An outside power has limited influence for change in South Africa. However, withholding public criticism on the grounds that a quiet approach could yield greater results -- as some have suggested -- is self-delusion.
Reform in South Africa is too often accompanied by repression. For example, a few months ago President Botha established a process to consult with blacks on their political future. The very next month the government moved toward treason trials of black political opponents. As a result of the recent violence near Uitenhage, the Botha government banned the country's major black political movement, the United Democratic Front, and 28 allied organizations from holding meetings in many areas for the next three months.
The reform-and-repression syndrome will continue to pose a dilemma for US policymakers unless they make clear, forcefully and publicly, what the US stands for. If not, the US government will be blamed for the repression as much as it is credited for nudging the current reforms, if not more so.
As to punitive measures such as disinvestment, there are apparent reservations even among South Africa's staunchest critics. Bishop Tutu, long believed to advocate sanctions, now favors allowing up to two years before imposing them. Sanctions legislation being discussed in Congress would not affect US companies now in South Africa or new investment by them.
Economic withdrawal and the resulting unemployment would worsen the plight of South Africa's most disadvantaged citizens. However, US companies in South Africa have a special responsibility.
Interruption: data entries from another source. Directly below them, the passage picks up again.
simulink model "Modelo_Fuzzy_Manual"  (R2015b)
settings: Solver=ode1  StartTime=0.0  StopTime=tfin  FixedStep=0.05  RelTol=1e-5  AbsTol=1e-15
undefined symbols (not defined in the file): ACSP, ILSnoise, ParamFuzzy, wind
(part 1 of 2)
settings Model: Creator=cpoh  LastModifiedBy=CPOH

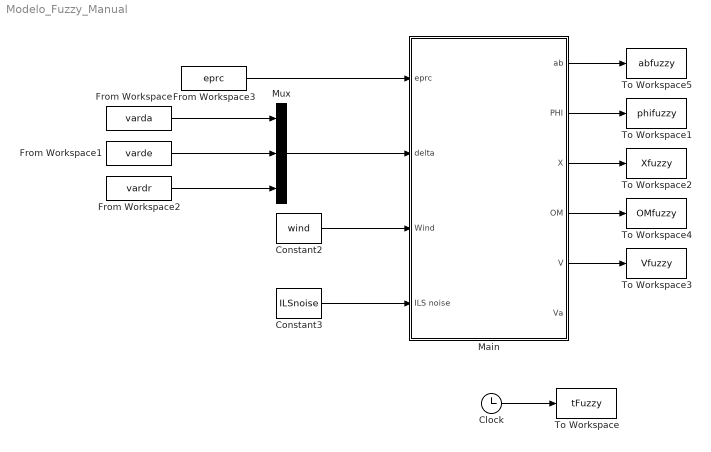
== system Modelo_Fuzzy_Manual ==
  Clock : Clock
  Constant2 : Constant  Value=wind
  Constant3 : Constant  Value=ILSnoise
  From Workspace : FromWorkspace  VariableName=varda  SampleTime=0.05
  From Workspace1 : FromWorkspace  VariableName=varde  SampleTime=0.05
  From Workspace2 : FromWorkspace  VariableName=vardr  SampleTime=0.05
  From Workspace3 : FromWorkspace  VariableName=eprc  SampleTime=0.05
  Main : Subsystem
  Mux : Mux  Inputs=3
  To Workspace : ToWorkspace  VariableName=tFuzzy  SampleTime=-1
  To Workspace1 : ToWorkspace  VariableName=phifuzzy  SampleTime=-1
  To Workspace2 : ToWorkspace  VariableName=Xfuzzy  SampleTime=-1
  To Workspace3 : ToWorkspace  VariableName=Vfuzzy  SampleTime=-1
  To Workspace4 : ToWorkspace  VariableName=OMfuzzy  SampleTime=-1
  To Workspace5 : ToWorkspace  VariableName=abfuzzy  SampleTime=-1
  wires:
  Clock/1 -> To Workspace/1
  Main/2(PHI) -> To Workspace1/1
  Constant3/1 -> Main/4(ILS noise)
  Constant2/1 -> Main/3(Wind)
  Mux/1 -> Main/2(delta)
  From Workspace2/1 -> Mux/3
  From Workspace1/1 -> Mux/2
  From Workspace/1 -> Mux/1
  From Workspace3/1 -> Main/1(eprc)
  Main/3(X) -> To Workspace2/1
  Main/5(V) -> To Workspace3/1
  Main/4(OM) -> To Workspace4/1
  Main/1(ab) -> To Workspace5/1

== system Modelo_Fuzzy_Manual/Main ==
  eprc : Inport
  delta : Inport  Port=2
  Wind : Inport  Port=3
  ILS noise : Inport  Port=4
  A310 Model : Subsystem
  Engines and Actuators : Subsystem
  Gb : Constant  Value=ACSP.U0.wind
  Sum3 : Sum  Inputs=++|
  ab : Outport
  PHI : Outport  Port=2
  X : Outport  Port=3
  OM : Outport  Port=4
  V : Outport  Port=5
  Va : Outport  Port=6
  wires:
  eprc/1 -> Engines and Actuators/1(eprc)
  delta/1 -> Engines and Actuators/2(deflections)
  Engines and Actuators/1(states) -> [xEA]
  Engines and Actuators/2(U) -> A310 Model/1(U)
  Wind/1 -> Sum3/2
  Sum3/1 -> A310 Model/2(Wind)
  Gb/1 -> Sum3/1
  ILS noise/1 -> A310 Model/3(ILSnoise)
  A310 Model/3(PHI) -> PHI/1
  A310 Model/7(Va) -> Va/1
  A310 Model/6(V) -> V/1
  A310 Model/5(OM) -> OM/1
  A310 Model/4(X) -> X/1
  A310 Model/1(ab) -> ab/1

== system Modelo_Fuzzy_Manual/Main/A310 Model ==
  U : Inport
  Wind : Inport  Port=2
  ILSnoise : Inport  Port=3
  Dynamics : Subsystem
  Forces and Momments : Subsystem
  Kinematics : Subsystem
  Mux : Mux  Inputs=2
  Selector10 : Selector  InputPortWidth=3  IndexOptions=Index vector (dialog)  Indices=3  OutputSizes=1
  Trajectory : Subsystem
  WIND : Subsystem
  quat 2 PHI : Subsystem
  ab : Outport
  Nxyz : Outport  Port=2
  PHI : Outport  Port=3
  X : Outport  Port=4
  OM : Outport  Port=5
  V : Outport  Port=6
  Va : Outport  Port=7
  wires:
  Forces and Momments/1(F) -> Dynamics/1(F)
  Forces and Momments/3(M) -> Dynamics/2(M)
  Dynamics/1(V) -> V/1, WIND/1(V), Kinematics/1(V)
  Dynamics/2(OM) -> OM/1, Trajectory/5(OM), Forces and Momments/6(OM), Kinematics/2(OM)
  WIND/1(alpha) -> Mux/1
  WIND/2(beta) -> Mux/2
  Mux/1 -> ab/1, Forces and Momments/1(ab)
  U/1 -> Forces and Momments/2(U)
  WIND/3(Va) -> Va/1, Forces and Momments/3(Va)
  Wind/1 -> WIND/2(WIND)
  WIND/4(qd) -> Forces and Momments/4(qd)
  Kinematics/2(Xdot) -> Trajectory/3(Xdot)
  Kinematics/1(X) -> X/1, Trajectory/2(X)
  Kinematics/3(Quat) -> quat 2 PHI/1(quat)
  ILSnoise/1 -> Trajectory/1(ILSnoise)
  quat 2 PHI/1(PHI) -> PHI/1, Trajectory/4(PHI)
  Forces and Momments/2(Nxyz) -> Nxyz/1
  Selector10/1 -> Forces and Momments/5(HLG)
  Trajectory/2(xyzLG) -> Selector10/1

== system Modelo_Fuzzy_Manual/Main/Engines and Actuators ==
  eprc : Inport
  deflections : Inport  Port=2
  Actuators : Subsystem
  Engines : Subsystem
  Mux : Mux  Inputs=2
  Mux1 : Mux  Inputs=2
  Scope : Scope  NumInputPorts=2
  Sum3 : Sum  Inputs=|++
  delta0 : Constant  Value=ACSP.U0.delta
  epr0 : Constant  Value=ACSP.U0.epr
  states : Outport
  U : Outport  Port=2
  wires:
  Actuators/1(delta) -> Sum3/1, Mux1/2
  Engines/1(TH) -> Mux/1
  eprc/1 -> Engines/2(eprc)
  deflections/1 -> Actuators/1(deltac)
  epr0/1 -> Engines/1(epr0)
  Mux/1 -> U/1
  Engines/2(epr) -> Mux1/1  "EPR"
  Mux1/1 -> states/1
  Sum3/1 -> Scope/1, Mux/2
  delta0/1 -> Sum3/2

== system Modelo_Fuzzy_Manual/Main/A310 Model/Dynamics ==
  note: F =mass*(Vdot + OM x V)
  note: M = I*OMdot + OM x (I*OM)
  F : Inport
  M : Inport  Port=2
  CP1 : Subsystem
      mask Display:
      | fprintf('CROSS \n PRODUCT');
      | color('red');
      | fprintf('\n\n');
      | fprintf(' \n \n \n z=x^y');
      | %text(3,1,'PRODUCT');
      | %text(5,1,'z=x^y');
  CP2 : Subsystem
      mask Display:
      | fprintf('CROSS \n PRODUCT');
      | color('red');
      | fprintf('\n\n');
      | fprintf(' \n \n \n z=x^y');
      | %text(3,1,'PRODUCT');
      | %text(5,1,'z=x^y');
  Inertia : Gain  Gain=ACSP.MIG.I  Multiplication=Matrix(K*u)
  Inertia^-1 : Gain  Gain=ACSP.MIG.J  Multiplication=Matrix(K*u)
  Int_OM : Integrator  InitialCondition=ACSP.X0.OM  ContinuousStateAttributes='OM'
  Int_V : Integrator  InitialCondition=ACSP.X0.V  ContinuousStateAttributes='V'
  Mass^-1 : Gain  Gain=1/ACSP.MIG.mass
  Sum : Sum  Inputs=|+-
  Sum1 : Sum  Inputs=-+|
  V : Outport
  OM : Outport  Port=2
  wires:
  Int_V/1 -> CP2/2(y), V/1
  Sum1/1 -> Int_V/1
  Sum/1 -> Inertia^-1/1
  M/1 -> Sum/1
  Inertia^-1/1 -> Int_OM/1
  F/1 -> Mass^-1/1
  Int_OM/1 -> CP1/1(x), Inertia/1, CP2/1(x), OM/1
  CP2/1(z) -> Sum1/1
  CP1/1(z) -> Sum/2
  Mass^-1/1 -> Sum1/2
  Inertia/1 -> CP1/2(y)

== system Modelo_Fuzzy_Manual/Main/A310 Model/Forces and Momments ==
  ab : Inport
  U : Inport  Port=2
  Va : Inport  Port=3
  qd : Inport  Port=4
  HLG : Inport  Port=5
  OM : Inport  Port=6
  Bus Creator : BusCreator  Inputs=10
  Demux1 : Demux  Outputs=3
  Demux2 : Demux  Outputs=3
  Demux3 : Demux  Outputs=2
  Forces : Subsystem
  Moments : Subsystem
  S : Gain  Gain=ACSP.MIG.Sref
  Selector : Selector  InputPortWidth=4  IndexOptions=Index vector (dialog)  Indices=[2 3 4]  OutputSizes=1
  Selector1 : Selector  InputPortWidth=4  IndexOptions=Index vector (dialog)  Indices=[1]  OutputSizes=1
  F : Outport
  Nxyz : Outport  Port=2
  M : Outport  Port=3
  wires:
  Forces/3(Nxyz) -> Nxyz/1
  Selector1/1 -> Moments/4(TH), Forces/2(TH)
  Forces/2(F) -> F/1
  S/1 -> Moments/3(qS), Forces/3(qS)
  Forces/1(Fa) -> Moments/2(Fa)
  U/1 -> Selector/1, Selector1/1
  Selector/1 -> Demux2/1
  Moments/1(M) -> M/1
  Bus Creator/1 -> Moments/1(E), Forces/1(E)
  Demux1/1 -> Bus Creator/3  "p"
  Demux1/2 -> Bus Creator/4  "q"
  Demux1/3 -> Bus Creator/5  "r"
  Demux3/2 -> Bus Creator/2  "beta"
  Demux2/3 -> Bus Creator/10  "dr"
  Demux2/2 -> Bus Creator/9  "de"
  Demux2/1 -> Bus Creator/8  "da"
  Va/1 -> Bus Creator/6  "Va"
  HLG/1 -> Bus Creator/7  "Hlg"
  OM/1 -> Demux1/1
  qd/1 -> S/1
  Demux3/1 -> Bus Creator/1  "alpha"
  ab/1 -> Demux3/1  "alpha"

== system Modelo_Fuzzy_Manual/Main/A310 Model/Kinematics ==
  V : Inport
  OM : Inport  Port=2
  Gain : Gain  Gain=0.5
  Int_PHI1 : Integrator  InitialCondition=ACSP.X0.QUAT  ContinuousStateAttributes='QUAT'
  Int_X1 : Integrator  InitialCondition=ACSP.X0.X  ContinuousStateAttributes='X'
  R(QUAT) : Subsystem
      mask Display:
      | fprintf('MATRIX \n PRODUCT');
      | color('red');
      | fprintf('\n\n');
      | fprintf(' \n \n \n z=M(x)*y');
  Rotations and transformations matrices in quaternions : Subsystem
  T(QUAT) : Subsystem
      mask Display:
      | fprintf('MATRIX \n PRODUCT');
      | color('red');
      | fprintf('\n\n');
      | fprintf(' \n \n \n z=M(x)*y');
  X : Outport
  Xdot : Outport  Port=2
  Quat : Outport  Port=3
  tag scope: QV2B=global
  wires:
  Int_PHI1/1 -> Quat/1, Rotations and transformations matrices in quaternions/1(QUAT)
  R(QUAT)/1(z) -> Xdot/1, Int_X1/1
  Rotations and transformations matrices in quaternions/3(QB2V) -> R(QUAT)/1(x)
  Rotations and transformations matrices in quaternions/1(TQUAT) -> T(QUAT)/1(x)
  Rotations and transformations matrices in quaternions/2(QV2B) -> [QV2B]
  Gain/1 -> Int_PHI1/1
  T(QUAT)/1(z) -> Gain/1
  OM/1 -> T(QUAT)/2(y)
  V/1 -> R(QUAT)/2(y)
  Int_X1/1 -> X/1

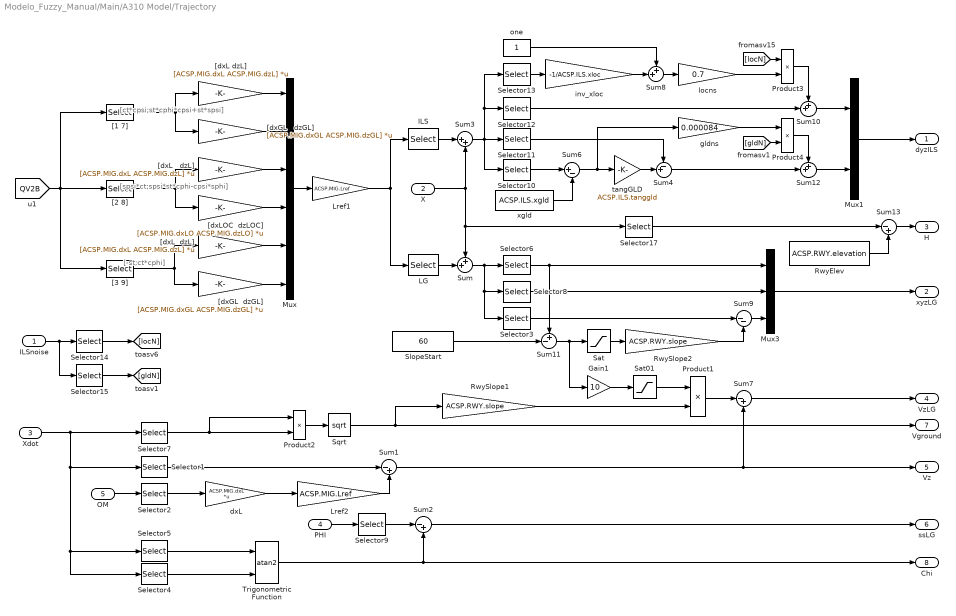
== system Modelo_Fuzzy_Manual/Main/A310 Model/Trajectory ==
  note: [-st;ct*cphi]
  note: [ct*cpsi;st*cphi*cpsi+st*spsi]
  note: [spsi*ct;spsi*st*cphi-cpsi*sphi]
  ILSnoise : Inport
  X : Inport  Port=2
  Xdot : Inport  Port=3
  PHI : Inport  Port=4
  OM : Inport  Port=5
  Gain1 : Gain  Gain=10
  ILS : Selector  InputPortWidth=6  IndexOptions=Index vector (dialog)  Indices=[2 4 6]  OutputSizes=1
  LG : Selector  InputPortWidth=6  IndexOptions=Index vector (dialog)  Indices=[1 3 5]  OutputSizes=1
  Lref1 : Gain  Gain=ACSP.MIG.Lref
  Lref2 : Gain  Gain=ACSP.MIG.Lref
  Mux : Mux  Inputs=6
  Mux1 : Mux  Inputs=2
  Mux3 : Mux  Inputs=3
  Product{1..4} (4 alike) : Product  SaturateOnIntegerOverflow=on  RndMeth=Zero  InputSameDT=on  OutDataTypeStr=Inherit: Same as first input
  RwyElev : Constant  Value=ACSP.RWY.elevation
  RwySlope1 : Gain  Gain=ACSP.RWY.slope
  RwySlope2 : Gain  Gain=ACSP.RWY.slope
  Sat : Saturate  UpperLimit=1000  LowerLimit=0
  Sat01 : Saturate  UpperLimit=1  LowerLimit=0
  Selector{1,3,9,11,17} (5 alike) : Selector  InputPortWidth=3  IndexOptions=Index vector (dialog)  Indices=3  OutputSizes=1
  Selector{4,6..7,10,13} (5 alike) : Selector  InputPortWidth=3  IndexOptions=Index vector (dialog)  Indices=1  OutputSizes=1
  Selector{2,5,8,12} (4 alike) : Selector  InputPortWidth=3  IndexOptions=Index vector (dialog)  Indices=2  OutputSizes=1
  Selector14 : Selector  InputPortWidth=2  IndexOptions=Index vector (dialog)  Indices=1  OutputSizes=1
  Selector15 : Selector  InputPortWidth=2  IndexOptions=Index vector (dialog)  Indices=2  OutputSizes=1
  SlopeStart : Constant  Value=60
  Sqrt : Sqrt  SaturateOnIntegerOverflow=on
  Sum{,8,10,12} (4 alike) : Sum  Inputs=++|
  Sum{1..2,7,13} (4 alike) : Sum  Inputs=|-+
  Sum11 : Sum  Inputs=+-|
  Sum3 : Sum  Inputs=|++
  Sum4 : Sum  Inputs=-+|
  Sum6 : Sum  Inputs=|+-
  Sum9 : Sum  Inputs=|--
  Trigonometric Function : Trigonometry  Operator=atan2
  "[1 7]" : Selector  InputPortWidth=9  IndexOptions=Index vector (dialog)  Indices=[1 7]  OutputSizes=1
  "[2 8]" : Selector  InputPortWidth=9  IndexOptions=Index vector (dialog)  Indices=[2 8]  OutputSizes=1
  "[3 9]" : Selector  InputPortWidth=9  IndexOptions=Index vector (dialog)  Indices=[3 9]  OutputSizes=1
  "[dxGL   dzGL]" : Gain  Gain=[ACSP.MIG.dxGL ACSP.MIG.dzGL]  Multiplication=Matrix(K*u)
  "[dxGL  dzGL]" : Gain  Gain=[ACSP.MIG.dxGL ACSP.MIG.dzGL]  Multiplication=Matrix(K*u)
  "[dxL   dzL]" : Gain  Gain=[ACSP.MIG.dxL ACSP.MIG.dzL]  Multiplication=Matrix(K*u)
  "[dxL  dzL]" : Gain  Gain=[ACSP.MIG.dxL ACSP.MIG.dzL]  Multiplication=Matrix(K*u)
  "[dxL dzL]" : Gain  Gain=[ACSP.MIG.dxL ACSP.MIG.dzL]  Multiplication=Matrix(K*u)
  "[dxLOC  dzLOC]" : Gain  Gain=[ACSP.MIG.dxLO ACSP.MIG.dzLO]  Multiplication=Matrix(K*u)
  dxL : Gain  Gain=ACSP.MIG.dxL  Multiplication=Matrix(K*u)
  gldns : Gain  Gain=0.000084
  inv_xloc : Gain  Gain=-1/ACSP.ILS.xloc
  locns : Gain  Gain=0.7
  one : Constant
  tangGLD : Gain  Gain=ACSP.ILS.tanggld
  xgld : Constant  Value=ACSP.ILS.xgld
  dyzILS : Outport
  xyzLG : Outport  Port=2
  H : Outport  Port=3
  VzLG : Outport  Port=4
  Vz : Outport  Port=5
  ssLG : Outport  Port=6
  Vground : Outport  Port=7
  Chi : Outport  Port=8
  wires:
  Xdot/1 -> Selector1/1, Selector4/1, Selector5/1, Selector7/1
  OM/1 -> Selector2/1
  Selector2/1 -> dxL/1
  dxL/1 -> Lref2/1
  Lref2/1 -> Sum1/2
  Sum1/1 -> Vz/1, Sum7/2
  [QV2B] -> "[1 7]"/1, "[3 9]"/1, "[2 8]"/1
  Selector1/1 -> Sum1/1
  Selector5/1 -> Trigonometric Function/1
  Trigonometric Function/1 -> Sum2/2, Chi/1
  "[1 7]"/1 -> "[dxL dzL]"/1, "[dxGL   dzGL]"/1
  Product2/1 -> Sqrt/1
  Selector4/1 -> Trigonometric Function/2
  Selector7/1 -> Product2/2, Product2/1
  Sqrt/1 -> Vground/1, RwySlope1/1
  "[2 8]"/1 -> "[dxL   dzL]"/1, "[dxLOC  dzLOC]"/1
  PHI/1 -> Selector9/1
  Selector9/1 -> Sum2/1
  Sum2/1 -> ssLG/1
  "[3 9]"/1 -> "[dxL  dzL]"/1, "[dxGL  dzGL]"/1
  "[dxL dzL]"/1 -> Mux/1
  "[dxGL   dzGL]"/1 -> Mux/2
  "[dxL   dzL]"/1 -> Mux/3
  "[dxLOC  dzLOC]"/1 -> Mux/4
  "[dxL  dzL]"/1 -> Mux/5
  "[dxGL  dzGL]"/1 -> Mux/6
  Mux/1 -> Lref1/1
  Lref1/1 -> LG/1, ILS/1
  ILS/1 -> Sum3/1
  Sum3/1 -> Selector10/1, Selector11/1, Selector12/1, Selector13/1
  Sum6/1 -> gldns/1, tangGLD/1
  Selector10/1 -> Sum6/1
  xgld/1 -> Sum6/2
  Mux1/1 -> dyzILS/1
  Selector12/1 -> Sum10/2
  Selector11/1 -> Sum4/1
  tangGLD/1 -> Sum4/2
  Sum4/1 -> Sum12/2
  LG/1 -> Sum/2
  X/1 -> Selector17/1, Sum/1, Sum3/2
  Sum/1 -> Selector6/1, Selector3/1, Selector8/1
  Sat01/1 -> Product1/1
  RwySlope1/1 -> Product1/2
  Sum11/1 -> Gain1/1, Sat/1
  Product1/1 -> Sum7/1
  Sat/1 -> RwySlope2/1
  Mux3/1 -> xyzLG/1
  Selector8/1 -> Mux3/2
  Selector6/1 -> Sum11/1, Mux3/1
  SlopeStart/1 -> Sum11/2
  Sum7/1 -> VzLG/1
  Gain1/1 -> Sat01/1
  Selector13/1 -> inv_xloc/1
  inv_xloc/1 -> Sum8/2
  one/1 -> Sum8/1
  Sum8/1 -> locns/1
  Sum10/1 -> Mux1/1
  locns/1 -> Product3/2
  Product3/1 -> Sum10/1
  Sum12/1 -> Mux1/2
  Product4/1 -> Sum12/1
  gldns/1 -> Product4/1
  ILSnoise/1 -> Selector15/1, Selector14/1
  Selector14/1 -> [locN]
  Selector15/1 -> [gldN]
  [locN] -> Product3/1
  [gldN] -> Product4/2
  RwyElev/1 -> Sum13/2
  Sum13/1 -> H/1
  Selector17/1 -> Sum13/1
  Sum9/1 -> Mux3/3
  RwySlope2/1 -> Sum9/2
  Selector3/1 -> Sum9/1

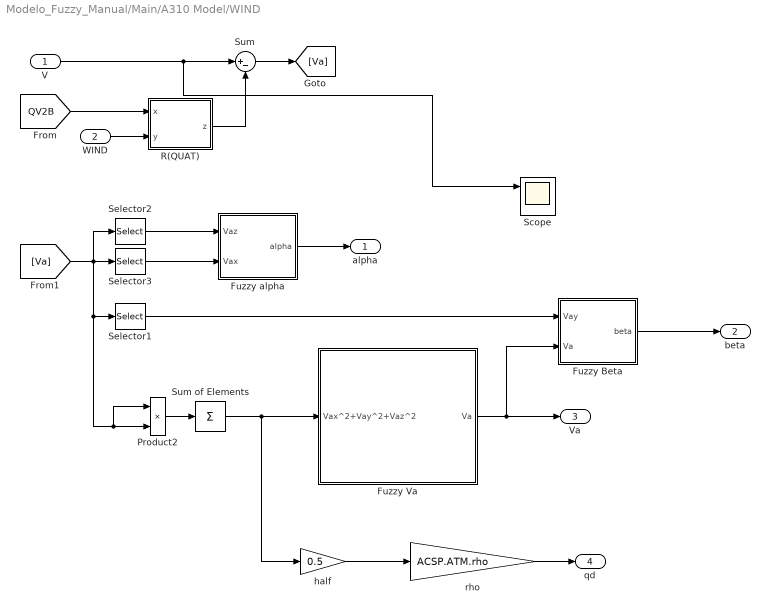
== system Modelo_Fuzzy_Manual/Main/A310 Model/WIND ==
  V : Inport
  WIND : Inport  Port=2
  Fuzzy Beta : Subsystem
  Fuzzy Va : Subsystem
  Fuzzy alpha : Subsystem
  Product2 : Product  SaturateOnIntegerOverflow=on  RndMeth=Zero  InputSameDT=on  OutDataTypeStr=Inherit: Same as first input
  R(QUAT) : Subsystem
      mask Display:
      | fprintf('MATRIX \n PRODUCT');
      | color('red');
      | fprintf('\n\n');
      | fprintf(' \n \n \n z=M(x)*y');
  Scope : Scope  NumInputPorts=2
  Selector1 : Selector  InputPortWidth=3  IndexOptions=Index vector (dialog)  Indices=2  OutputSizes=1
  Selector2 : Selector  InputPortWidth=3  IndexOptions=Index vector (dialog)  Indices=3  OutputSizes=1
  Selector3 : Selector  InputPortWidth=3  IndexOptions=Index vector (dialog)  Indices=1  OutputSizes=1
  Sum : Sum  Inputs=|+-
  Sum of Elements : Sum  Inputs=+
  half : Gain  Gain=0.5  SaturateOnIntegerOverflow=on  OutDataTypeStr=Inherit: Same as input  ParamDataTypeStr=Inherit: Same as input
  rho : Gain  Gain=ACSP.ATM.rho
  alpha : Outport
  beta : Outport  Port=2
  Va : Outport  Port=3
  qd : Outport  Port=4
  wires:
  [QV2B] -> R(QUAT)/1(x)
  WIND/1 -> R(QUAT)/2(y)
  V/1 -> Scope/1, Sum/1
  R(QUAT)/1(z) -> Sum/2
  Sum/1 -> [Va]
  [Va] -> Product2/1, Product2/2, Selector1/1, Selector3/1, Selector2/1
  Product2/1 -> Sum of Elements/1
  Sum of Elements/1 -> half/1, Fuzzy Va/1(Vax^2+Vay^2+Vaz^2)
  Fuzzy Va/1(Va) -> Fuzzy Beta/2(Va), Va/1
  rho/1 -> qd/1
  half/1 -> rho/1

At the least, this means aggressive -- not just minimal -- compliance with the Sullivan code, which calls on US companies to actively improve the status of blacks.
For its part, the US government must make official engagement truly constructive with all elements of South African society -- especially the black majority, which represents over 70 percent of the population. Congress has been providing grants to South African groups promoting a just society and aiding victims of apartheid. But we can do more to support black aspirations with assistance to black students, entrepreneurs, and others and with programs to increase communication among the races. These efforts should challenge the apartheid system. If we hope to assist in the political, economic, and cultural evolution of South Africa, we must systematically confront the government on its policy of apartheid.
South Africa's future is not without hope. This year President Botha seemed to hint at suspending forced resettlement of blacks, allowing blacks to obtain South African citizenship, and providing opportunity for blacks to own their own homes. The United States must work to ensure that he makes good on those promises.
Former Senator Charles H. Percy (R) was chairman of the Senate Foreign Relations Committee.